Lemon Meringue Pie The Prudent Homemaker

 

Makes one 8-inch pie

 

Crust:

1 cup flour

1/2 tsp salt

1/3 cup plus 1 Tbsp. shortening

2 Tbsp water

 

Preheat oven to 475º.

 

Mix flour and salt in bowl. Cut in shortening with pastry blender until shortening is the size of peas.

Sprinkle with water, one tablespoon at a time. If dough does not come together, add more water, a tablespoon at a time, until flour is moistened (but not sticky). Gather dough together with fingers so it cleans the bowl. Press together into a ball, and turn out onto a lightly floured counter.

Roll dough out to about an inch larger than your inverted pie pan. 
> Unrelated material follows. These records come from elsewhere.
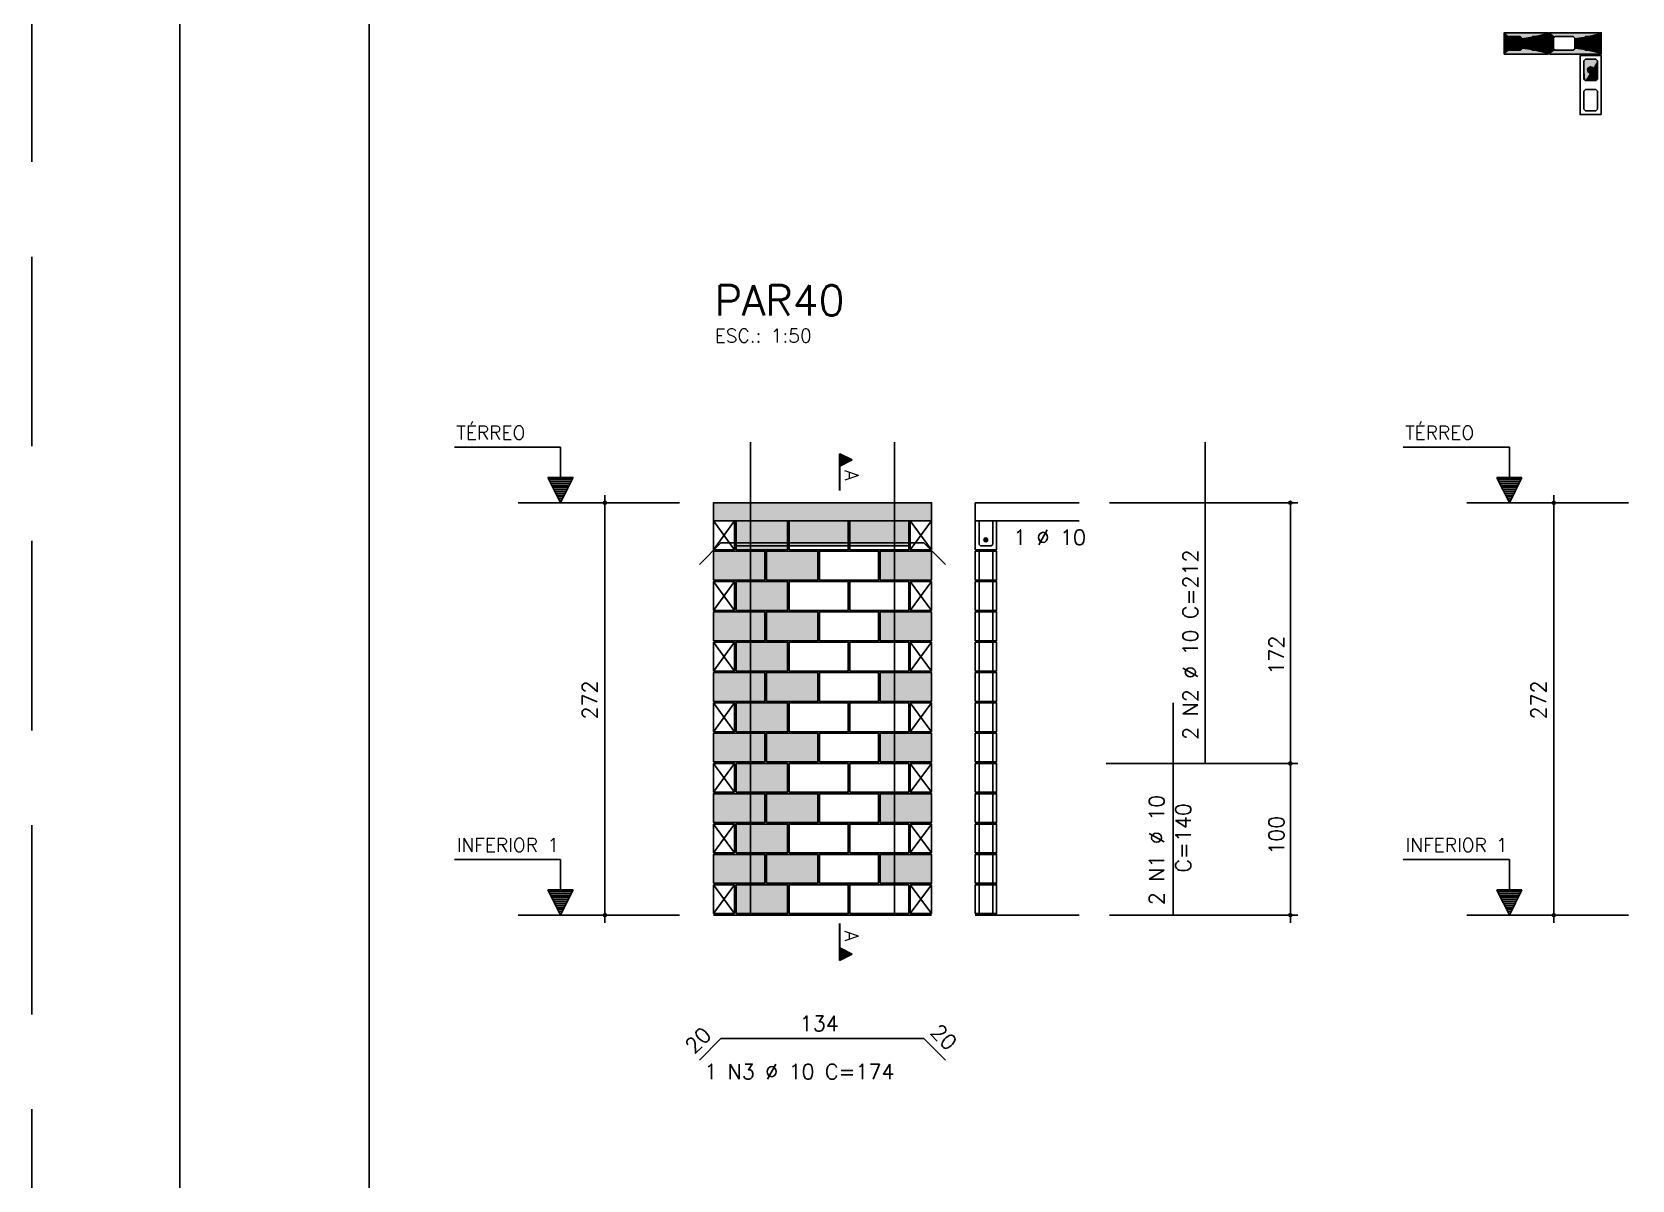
# Model space of a CAD drawing. Extents: x -1.9 to 86, y -1.6 to 60.9.
# Drawn here: x -1.95 to 19.18, y 30.01 to 45.16 of the extents above; entities that cross this region are included whole.
import ezdxf

# ---------------------------------------------------------------- set-up
doc = ezdxf.new("R2010")
doc.units = 0
doc.header["$MEASUREMENT"] = 0
doc.linetypes.add('ESTILO_TQS_0001', pattern=[0.45, 0.3, -0.15])
doc.linetypes.add('HIDDEN', pattern=[0.375, 0.25, -0.125])
doc.layers.get('0').update_dxf_attribs({"linetype": 'CONTINUOUS'})
doc.layers.get('Defpoints').update_dxf_attribs({"linetype": 'CONTINUOUS'})
for name, color, linetype in [('ARQ_FOLHA', 7, 'CONTINUOUS'), ('PENA_01', 1, 'CONTINUOUS'), ('PENA_02', 2, 'CONTINUOUS'), ('PENA_03', 3, 'CONTINUOUS'), ('PENA_05', 5, 'CONTINUOUS'), ('PENA_06', 6, 'CONTINUOUS'), ('PENA_09', 254, 'CONTINUOUS'), ('PENA_11', 252, 'CONTINUOUS'), ('PENA_21', 100, 'CONTINUOUS'), ('PENA_27', 21, 'CONTINUOUS')]:
    doc.layers.add(name, color=color, linetype=linetype)
doc.styles.get("Standard").update_dxf_attribs({"font": 'ROMANS.SHX'})

# ---------------------------------------------------------------- blocks, each defined once
blk = doc.blocks.new('FOLHA A1 - 841 X 594')
at = {"layer": 'ARQ_FOLHA', "color": 1}
for points in [[(-841, 0), (0, 0), (0, 594), (-841, 594)], [(-816, 10), (-10, 10), (-10, 584), (-816, 584)]]:
    blk.add_lwpolyline(points, close=True, dxfattribs=at)
at = {"layer": 'Defpoints', "color": 8, "linetype": 'HIDDEN', "ltscale": 100}
blk.add_lwpolyline([(-860.5, 609.5), (-860.5, -15.5), (19.5, -15.5), (19.5, 609.5)], close=True, dxfattribs=at)
blk = doc.blocks.new('*U24')
blk.add_blockref('FOLHA A1 - 841 X 594', (0, 0))

msp = doc.modelspace()

# ---------------------------------------------------------------- linework, layer by layer
at = {"layer": 'PENA_01', "linetype": 'Continuous'}
for p, q in [((4.469073, 38.945299), (6.599937, 38.945299)), ((16.997576, 38.945299), (19.12844, 38.945299)), ((7.347429, 38.375299), (8.027429, 38.375299)), ((8.047429, 38.375299), (8.827429, 38.375299)), ((8.847429, 38.375299), (9.627429, 38.375299)), ((4.469073, 33.505299), (6.599937, 33.505299)), ((16.997576, 33.505299), (19.12844, 33.505299))]:
    msp.add_line(p, q, dxfattribs=at)
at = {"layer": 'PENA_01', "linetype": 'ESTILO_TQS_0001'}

Fold dough in half and carefully transfer it to pie pan.

Unfold dough.

Fold pastry edges under, even with pan, and pinch edges between your thumb and forefinger (or finish as you prefer). Prick dough with fork.

Bake for 8 to 10 minutes.

Then reduce oven temperature to 400º.

 

Filling:

1 cup plus 2 Tbsp sugar

1/4 cup cornstarch

1 cup plus 2 Tbsp water

2 eggs yolks, slightly beaten (reserve egg whites for meringue), in a medium sized glass bowl

2 Tbsp butter

3 tbsp lemon juice

1 Tbsp grated lemon rind

 

Mix sugar and cornstarch in saucepan. Gradually stir in water. Cook over medium heat, stirring constantly, until mixture thickesn and boils. Boil 1 minute.

Slowly stir at least half the hot mixture into the bowl with the egg yolks.

Blend egg yolk mixture back into pan with the rest of the filling.

Boil mixture one more minute, stirring constantly.

Remove from heat. Stir mixture until smooth. 

Blend in butter, lemon juice, and lemon rind.

 

Pour filling mixture into baked pie shell.

 

Then make meringue.

 

Meringue:

2 egg whites

1/4 tsp. cream of tartar or 1 tsp lemon juice

1/4 cup sugar

 

Beat egg whites with cream of tartar until frothy. Gradually beat in sugar, a little at a time. Continue to beat mixture until stiff and glossy (stiff peaks should form).

 

Spoon meringue onto hot pie filling, being careful to seal meringue to the edge of the pie crust to prevent shrinking.

Use a knife to swirl meringue into points, if desired.

 

Bake in 400º oven for 8 to 10 minutes, or until lightly browned.

 

Then, the most difficult part of all: Let pie cool completely for several hours, so that filling will set, before serving.